Julien Maire

Ecole

Julien Maire (né en 1969) travaille depuis le milieu des années 90 au croisement de plusieurs disciplines comme la performance, l'installation média et le cinéma, produisant des œuvres-performances live et hybrides.

Ses œuvres ont été présentées à Transmediale, Ars Electronica, Digital Art Festival, European Media Art Festival, Film Festival Rotterdam, Film Festival Oberhausen , Sonar,  ZKM, ICC Tokyo, Empac, Powerstation Shanghai. Julien Maire a été le lauréat de la Biennale Update_2 en 2008 et nominé pour le  World Technology Award de New York en 2009; son travail s'est vu distingué par trois mentions d'honneur au Prix Ars Electronica.

La productivité du prototype

«A travers ses installations et ses performances, Julien Maire entend sonder systématiquement les technologiques audiovisuelles. Sa recherche s’agrège en un manifeste hybride oscillant entre l’archéologie des médias et le développement d’une nouvelle constellation des technologies numériques. Ses productions se révèlent être de véritables prototypes, au sens étymologique du terme (du mot Proto « premier, forme primitive et du mot Tupos : empreinte, marque) produisant des configurations technologiques uniques générant des images d’une qualité nouvelle.

En déconstruisant des médias, comme la vidéo ou le film ou encore le diaporama, tout comme dans ses performances, Julien Maire met en évidence la question de la temporalité et de celle de notre propre expérience d’une image dans la durée. Par ce biais, il amène le spectateur à s’interroger sur le statut ambivalent d’une image en mouvement. 

En visant à dépasser l’opposition simpliste «post-photographique» entre les médias analogiques et digitaux, le travail de Julien Maire invite à une reconsidération stratégique tout à la fois de tout dispositif, comme des lexiques qui leurs sont liés ».

Extrait de “The productivity of the prototype- on Julien Maire’s Cinema of Contraptions,  Edwin Carels - University College Ghent - Belgium 

Cinéma & matérialité

« Le sujet de la disparition de la pellicule ne suscite aujourd’hui plus aucun débat. Cependant la matérialité des images se trouve sans cesse re-questionnée et ce, notamment, dans le cinéma d’animation. Celui-ci tente de renouveler inlassablement  ses modes de représentation tout comme les principes de sa propre mise en mouvement.  
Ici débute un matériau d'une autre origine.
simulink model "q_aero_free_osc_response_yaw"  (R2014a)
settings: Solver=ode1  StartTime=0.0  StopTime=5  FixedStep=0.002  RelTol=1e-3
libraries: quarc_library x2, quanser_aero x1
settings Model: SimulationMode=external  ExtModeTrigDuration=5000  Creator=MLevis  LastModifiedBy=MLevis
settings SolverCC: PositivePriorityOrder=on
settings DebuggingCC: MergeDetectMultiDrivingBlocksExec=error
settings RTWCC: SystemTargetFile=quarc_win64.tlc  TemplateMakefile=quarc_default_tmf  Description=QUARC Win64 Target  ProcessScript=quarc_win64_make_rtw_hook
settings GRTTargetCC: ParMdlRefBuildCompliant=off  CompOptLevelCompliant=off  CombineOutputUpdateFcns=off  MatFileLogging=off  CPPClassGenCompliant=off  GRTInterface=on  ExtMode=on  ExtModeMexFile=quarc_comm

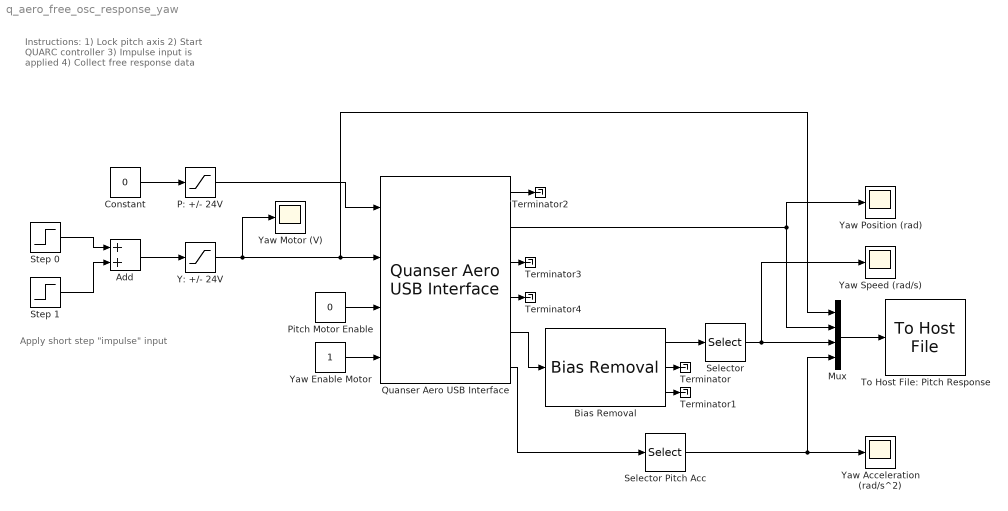
== system q_aero_free_osc_response_yaw ==
  note: Apply short step "impulse" input
  note: Instructions:
      | 1) Lock pitch axis
      | 2) Start QUARC controller
      | 3) Impulse input is applied
      | 4) Collect free response data
  Add : Sum
  Bias Removal : quarc_library/Discrete/Bias Removal  start_time=0  end_time=1  switch_id=0  sample_time=qc_get_step_size
  Constant : Constant  Value=0
  Mux : Mux
  P: +/- 24V : Saturate  UpperLimit=24  LowerLimit=-24
  Pitch Motor Enable : Constant  Value=0
  Quanser Aero USB Interface : quanser_aero/Quanser Aero USB Interface
  Selector : Selector  InputPortWidth=3  Indices=[3]
  Selector Pitch Acc : Selector  InputPortWidth=3  Indices=[3]
  Step 0 : Step  After=20  SampleTime=0
  Step 1 : Step  Time=2  After=-20  SampleTime=0
  Terminator{,1..4} (5 alike) : Terminator
  To Host File: Pitch Response : quarc_library/Sinks/To Host/To Host File  file_name=aero_yaw_free_osc_rsp.mat  variable_name=free_osc_rsp_yaw  decimation=1  sample_time=-1  file_format=MAT-file v.4  options=No header or footer  append=off  final_file_name=aero_yaw_free_osc_rsp.mat
  Y: +/- 24V : Saturate  UpperLimit=24  LowerLimit=-24
  Yaw Acceleration (rad/s^2) : Scope
      settings: TimeRange=10  YMin=-6  YMax=6  SaveName=pitch_spd1
  Yaw Enable Motor : Constant
  Yaw Motor (V) : Scope
      settings: TimeRange=5  YMin=-25  YMax=25  SaveName=ScopeData5
  Yaw Position (rad) : Scope
      settings: TimeRange=5  YMin=-0.5  YMax=1.5  SaveName=ScopeData4
  Yaw Speed (rad/s) : Scope
      settings: TimeRange=5  YMin=-1.5  YMax=1.5  SaveName=pitch_spd
  wires:
  Pitch Motor Enable/1 -> Quanser Aero USB Interface/3
  Yaw Enable Motor/1 -> Quanser Aero USB Interface/4
  Y: +/- 24V/1 -> Quanser Aero USB Interface/2, Mux/1, Yaw Motor (V)/1
  P: +/- 24V/1 -> Quanser Aero USB Interface/1
  Quanser Aero USB Interface/2 -> Mux/2, Yaw Position (rad)/1
  Mux/1 -> To Host File: Pitch Response/1
  Quanser Aero USB Interface/3 -> Terminator3/1
  Quanser Aero USB Interface/4 -> Terminator4/1
  Selector Pitch Acc/1 -> Yaw Acceleration (rad/s^2)/1, Mux/4
  Quanser Aero USB Interface/6 -> Selector Pitch Acc/1
  Step 0/1 -> Add/1
  Step 1/1 -> Add/2
  Add/1 -> Y: +/- 24V/1
  Constant/1 -> P: +/- 24V/1
  Quanser Aero USB Interface/1 -> Terminator2/1
  Bias Removal/2 -> Terminator/1
  Bias Removal/3 -> Terminator1/1
  Bias Removal/1 -> Selector/1
  Quanser Aero USB Interface/5 -> Bias Removal/1
  Selector/1 -> Yaw Speed (rad/s)/1, Mux/3
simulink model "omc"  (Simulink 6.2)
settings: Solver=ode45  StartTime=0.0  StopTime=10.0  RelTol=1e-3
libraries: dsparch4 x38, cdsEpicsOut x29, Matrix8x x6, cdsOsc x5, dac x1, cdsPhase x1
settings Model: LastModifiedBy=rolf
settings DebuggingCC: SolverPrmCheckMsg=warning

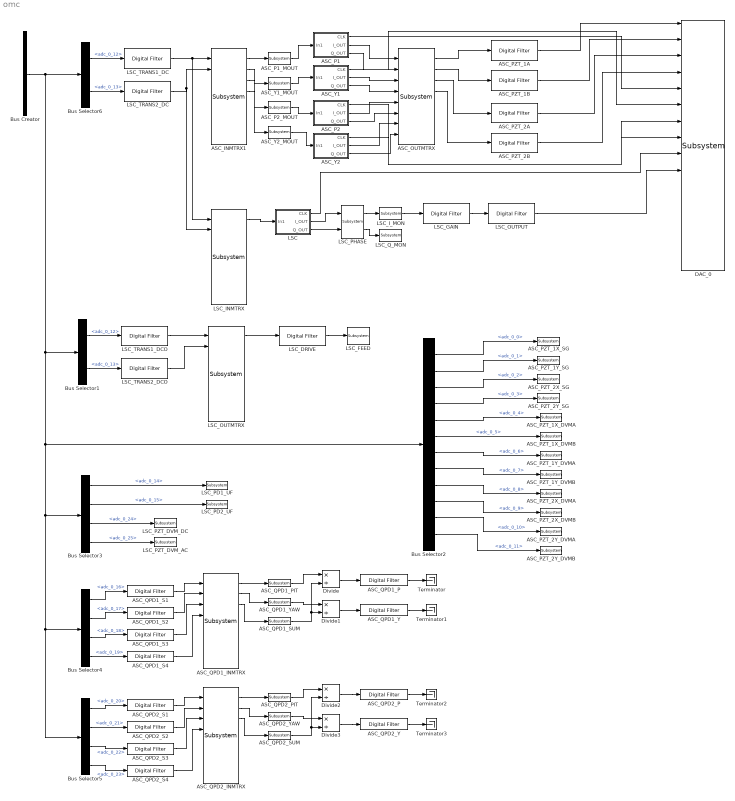
== system omc ==
  ASC_INMTRX1 : Matrix8x/Subsystem
  ASC_OUTMTRX : Matrix8x/Subsystem
  ASC_P1 : Subsystem
  ASC_P1_MOUT : cdsEpicsOut/Subsystem
  ASC_P2 : Subsystem
  ASC_P2_MOUT : cdsEpicsOut/Subsystem
  ASC_PZT_1A : dsparch4/Digital Filter  DialogController=dspDDGCreate  DialogControllerArgs=DataTag6  TypePopup=IIR (poles & zeros)  IIRFiltStruct=Direct form II transposed  AllPoleFiltStruct=Direct form  FIRFiltStruct=Direct form  CoeffSource=Specify via dialog  NumCoeffs=[1 2]  DenCoeffs=[1 0.1]  BiQuadCoeffs=[1 0.3 0.4 1 0.1 0.2]  LatticeCoeffs=[0.2 0.4]  denIgnore=on  FiltPerSampPopup=One filter per frame  IC=0  ICnum=0  ICden=0  roundingMode=Floor  overflowMode=off  ScaleValues=1  scaleValueFracLength=14  stageInFracLength=15  stageOutFracLength=15
  ASC_PZT_1B : dsparch4/Digital Filter  DialogController=dspDDGCreate  DialogControllerArgs=DataTag7  TypePopup=IIR (poles & zeros)  IIRFiltStruct=Direct form II transposed  AllPoleFiltStruct=Direct form  FIRFiltStruct=Direct form  CoeffSource=Specify via dialog  NumCoeffs=[1 2]  DenCoeffs=[1 0.1]  BiQuadCoeffs=[1 0.3 0.4 1 0.1 0.2]  LatticeCoeffs=[0.2 0.4]  denIgnore=on  FiltPerSampPopup=One filter per frame  IC=0  ICnum=0  ICden=0  roundingMode=Floor  overflowMode=off  ScaleValues=1  scaleValueFracLength=14  stageInFracLength=15  stageOutFracLength=15
  ASC_PZT_1X_DVMA : cdsEpicsOut/Subsystem
  ASC_PZT_1X_DVMB : cdsEpicsOut/Subsystem
  ASC_PZT_1X_SG : cdsEpicsOut/Subsystem
  ASC_PZT_1Y_DVMA : cdsEpicsOut/Subsystem
  ASC_PZT_1Y_DVMB : cdsEpicsOut/Subsystem
  ASC_PZT_1Y_SG : cdsEpicsOut/Subsystem
  ASC_PZT_2A : dsparch4/Digital Filter  DialogController=dspDDGCreate  DialogControllerArgs=DataTag8  TypePopup=IIR (poles & zeros)  IIRFiltStruct=Direct form II transposed  AllPoleFiltStruct=Direct form  FIRFiltStruct=Direct form  CoeffSource=Specify via dialog  NumCoeffs=[1 2]  DenCoeffs=[1 0.1]  BiQuadCoeffs=[1 0.3 0.4 1 0.1 0.2]  LatticeCoeffs=[0.2 0.4]  denIgnore=on  FiltPerSampPopup=One filter per frame  IC=0  ICnum=0  ICden=0  roundingMode=Floor  overflowMode=off  ScaleValues=1  scaleValueFracLength=14  stageInFracLength=15  stageOutFracLength=15
  ASC_PZT_2B : dsparch4/Digital Filter  DialogController=dspDDGCreate  DialogControllerArgs=DataTag9  TypePopup=IIR (poles & zeros)  IIRFiltStruct=Direct form II transposed  AllPoleFiltStruct=Direct form  FIRFiltStruct=Direct form  CoeffSource=Specify via dialog  NumCoeffs=[1 2]  DenCoeffs=[1 0.1]  BiQuadCoeffs=[1 0.3 0.4 1 0.1 0.2]  LatticeCoeffs=[0.2 0.4]  denIgnore=on  FiltPerSampPopup=One filter per frame  IC=0  ICnum=0  ICden=0  roundingMode=Floor  overflowMode=off  ScaleValues=1  scaleValueFracLength=14  stageInFracLength=15  stageOutFracLength=15
  ASC_PZT_2X_DVMA : cdsEpicsOut/Subsystem
  ASC_PZT_2X_DVMB : cdsEpicsOut/Subsystem
  ASC_PZT_2X_SG : cdsEpicsOut/Subsystem
  ASC_PZT_2Y_DVMA : cdsEpicsOut/Subsystem
  ASC_PZT_2Y_DVMB : cdsEpicsOut/Subsystem
  ASC_PZT_2Y_SG : cdsEpicsOut/Subsystem
  ASC_QPD1_INMTRX : Matrix8x/Subsystem
  ASC_QPD1_P : dsparch4/Digital Filter  DialogController=dspDDGCreate  DialogControllerArgs=DataTag10  TypePopup=IIR (poles & zeros)  IIRFiltStruct=Direct form II transposed  AllPoleFiltStruct=Direct form  FIRFiltStruct=Direct form  CoeffSource=Specify via dialog  NumCoeffs=[1 2]  DenCoeffs=[1 0.1]  BiQuadCoeffs=[1 0.3 0.4 1 0.1 0.2]  LatticeCoeffs=[0.2 0.4]  denIgnore=on  FiltPerSampPopup=One filter per frame  IC=0  ICnum=0  ICden=0  roundingMode=Floor  overflowMode=off  ScaleValues=1  scaleValueFracLength=14  stageInFracLength=15  stageOutFracLength=15
  ASC_QPD1_PIT : cdsEpicsOut/Subsystem
  ASC_QPD1_S1 : dsparch4/Digital Filter  DialogController=dspDDGCreate  DialogControllerArgs=DataTag11  TypePopup=IIR (poles & zeros)  IIRFiltStruct=Direct form II transposed  AllPoleFiltStruct=Direct form  FIRFiltStruct=Direct form  CoeffSource=Specify via dialog  NumCoeffs=[1 2]  DenCoeffs=[1 0.1]  BiQuadCoeffs=[1 0.3 0.4 1 0.1 0.2]  LatticeCoeffs=[0.2 0.4]  denIgnore=on  FiltPerSampPopup=One filter per frame  IC=0  ICnum=0  ICden=0  roundingMode=Floor  overflowMode=off  ScaleValues=1  scaleValueFracLength=14  stageInFracLength=15  stageOutFracLength=15
  ASC_QPD1_S2 : dsparch4/Digital Filter  DialogController=dspDDGCreate  DialogControllerArgs=DataTag12  TypePopup=IIR (poles & zeros)  IIRFiltStruct=Direct form II transposed  AllPoleFiltStruct=Direct form  FIRFiltStruct=Direct form  CoeffSource=Specify via dialog  NumCoeffs=[1 2]  DenCoeffs=[1 0.1]  BiQuadCoeffs=[1 0.3 0.4 1 0.1 0.2]  LatticeCoeffs=[0.2 0.4]  denIgnore=on  FiltPerSampPopup=One filter per frame  IC=0  ICnum=0  ICden=0  roundingMode=Floor  overflowMode=off  ScaleValues=1  scaleValueFracLength=14  stageInFracLength=15  stageOutFracLength=15
  ASC_QPD1_S3 : dsparch4/Digital Filter  DialogController=dspDDGCreate  DialogControllerArgs=DataTag13  TypePopup=IIR (poles & zeros)  IIRFiltStruct=Direct form II transposed  AllPoleFiltStruct=Direct form  FIRFiltStruct=Direct form  CoeffSource=Specify via dialog  NumCoeffs=[1 2]  DenCoeffs=[1 0.1]  BiQuadCoeffs=[1 0.3 0.4 1 0.1 0.2]  LatticeCoeffs=[0.2 0.4]  denIgnore=on  FiltPerSampPopup=One filter per frame  IC=0  ICnum=0  ICden=0  roundingMode=Floor  overflowMode=off  ScaleValues=1  scaleValueFracLength=14  stageInFracLength=15  stageOutFracLength=15
  ASC_QPD1_S4 : dsparch4/Digital Filter  DialogController=dspDDGCreate  DialogControllerArgs=DataTag14  TypePopup=IIR (poles & zeros)  IIRFiltStruct=Direct form II transposed  AllPoleFiltStruct=Direct form  FIRFiltStruct=Direct form  CoeffSource=Specify via dialog  NumCoeffs=[1 2]  DenCoeffs=[1 0.1]  BiQuadCoeffs=[1 0.3 0.4 1 0.1 0.2]  LatticeCoeffs=[0.2 0.4]  denIgnore=on  FiltPerSampPopup=One filter per frame  IC=0  ICnum=0  ICden=0  roundingMode=Floor  overflowMode=off  ScaleValues=1  scaleValueFracLength=14  stageInFracLength=15  stageOutFracLength=15
  ASC_QPD1_SUM : cdsEpicsOut/Subsystem
  ASC_QPD1_Y : dsparch4/Digital Filter  DialogController=dspDDGCreate  DialogControllerArgs=DataTag15  TypePopup=IIR (poles & zeros)  IIRFiltStruct=Direct form II transposed  AllPoleFiltStruct=Direct form  FIRFiltStruct=Direct form  CoeffSource=Specify via dialog  NumCoeffs=[1 2]  DenCoeffs=[1 0.1]  BiQuadCoeffs=[1 0.3 0.4 1 0.1 0.2]  LatticeCoeffs=[0.2 0.4]  denIgnore=on  FiltPerSampPopup=One filter per frame  IC=0  ICnum=0  ICden=0  roundingMode=Floor  overflowMode=off  ScaleValues=1  scaleValueFracLength=14  stageInFracLength=15  stageOutFracLength=15
  ASC_QPD1_YAW : cdsEpicsOut/Subsystem
  ASC_QPD2_INMTRX : Matrix8x/Subsystem
  ASC_QPD2_P : dsparch4/Digital Filter  DialogController=dspDDGCreate  DialogControllerArgs=DataTag16  TypePopup=IIR (poles & zeros)  IIRFiltStruct=Direct form II transposed  AllPoleFiltStruct=Direct form  FIRFiltStruct=Direct form  CoeffSource=Specify via dialog  NumCoeffs=[1 2]  DenCoeffs=[1 0.1]  BiQuadCoeffs=[1 0.3 0.4 1 0.1 0.2]  LatticeCoeffs=[0.2 0.4]  denIgnore=on  FiltPerSampPopup=One filter per frame  IC=0  ICnum=0  ICden=0  roundingMode=Floor  overflowMode=off  ScaleValues=1  scaleValueFracLength=14  stageInFracLength=15  stageOutFracLength=15
  ASC_QPD2_PIT : cdsEpicsOut/Subsystem
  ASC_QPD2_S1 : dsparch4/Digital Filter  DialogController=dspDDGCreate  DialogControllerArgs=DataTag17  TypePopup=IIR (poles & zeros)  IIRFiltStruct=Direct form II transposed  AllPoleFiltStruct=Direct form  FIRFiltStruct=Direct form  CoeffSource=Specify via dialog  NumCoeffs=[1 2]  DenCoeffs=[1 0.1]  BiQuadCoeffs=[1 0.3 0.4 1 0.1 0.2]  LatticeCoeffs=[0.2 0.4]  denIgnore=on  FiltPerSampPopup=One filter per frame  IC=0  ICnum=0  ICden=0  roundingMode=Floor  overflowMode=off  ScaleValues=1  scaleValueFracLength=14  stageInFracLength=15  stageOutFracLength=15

Les modes de captation, d’enregistrement et les supports de diffusion des images numériques  deviennent de plus en plus raffinés. Depuis peu, les écrans deviennent flexibles, effectuant en quelque sorte la même révolution que la photographie qui passa du support métallique ou du verre à la cellulose. Ironie historique : un écran flexible rend en théorie possible la fabrication d’une pellicule qui pourrait contenir tous les films, un support dont les photogrammes seraient en perpétuel changement. 

Cette pellicule infinie ne constitue qu’un énoncé théorique du travail que j’aimerai déployer au Fresnoy : je questionnerai  la matérialité de l’image numérique et ses modes d’enregistrement notamment en insérant directement au sein des capteurs numériques des sculptures « subminiatures ».  L’incrustation d’un corps exogène dans l’espace réduit de captation des images pourrait être assimilée à la technique du rayogramme.  Une autre piste de travail est de graver définitivement des images sur les capteurs de cameras pour tenter d’implémenter de la permanence dans ce qui semble voué à un flux permanent du saisissement de la réalité ». J.M

Dans les salles cette semaine.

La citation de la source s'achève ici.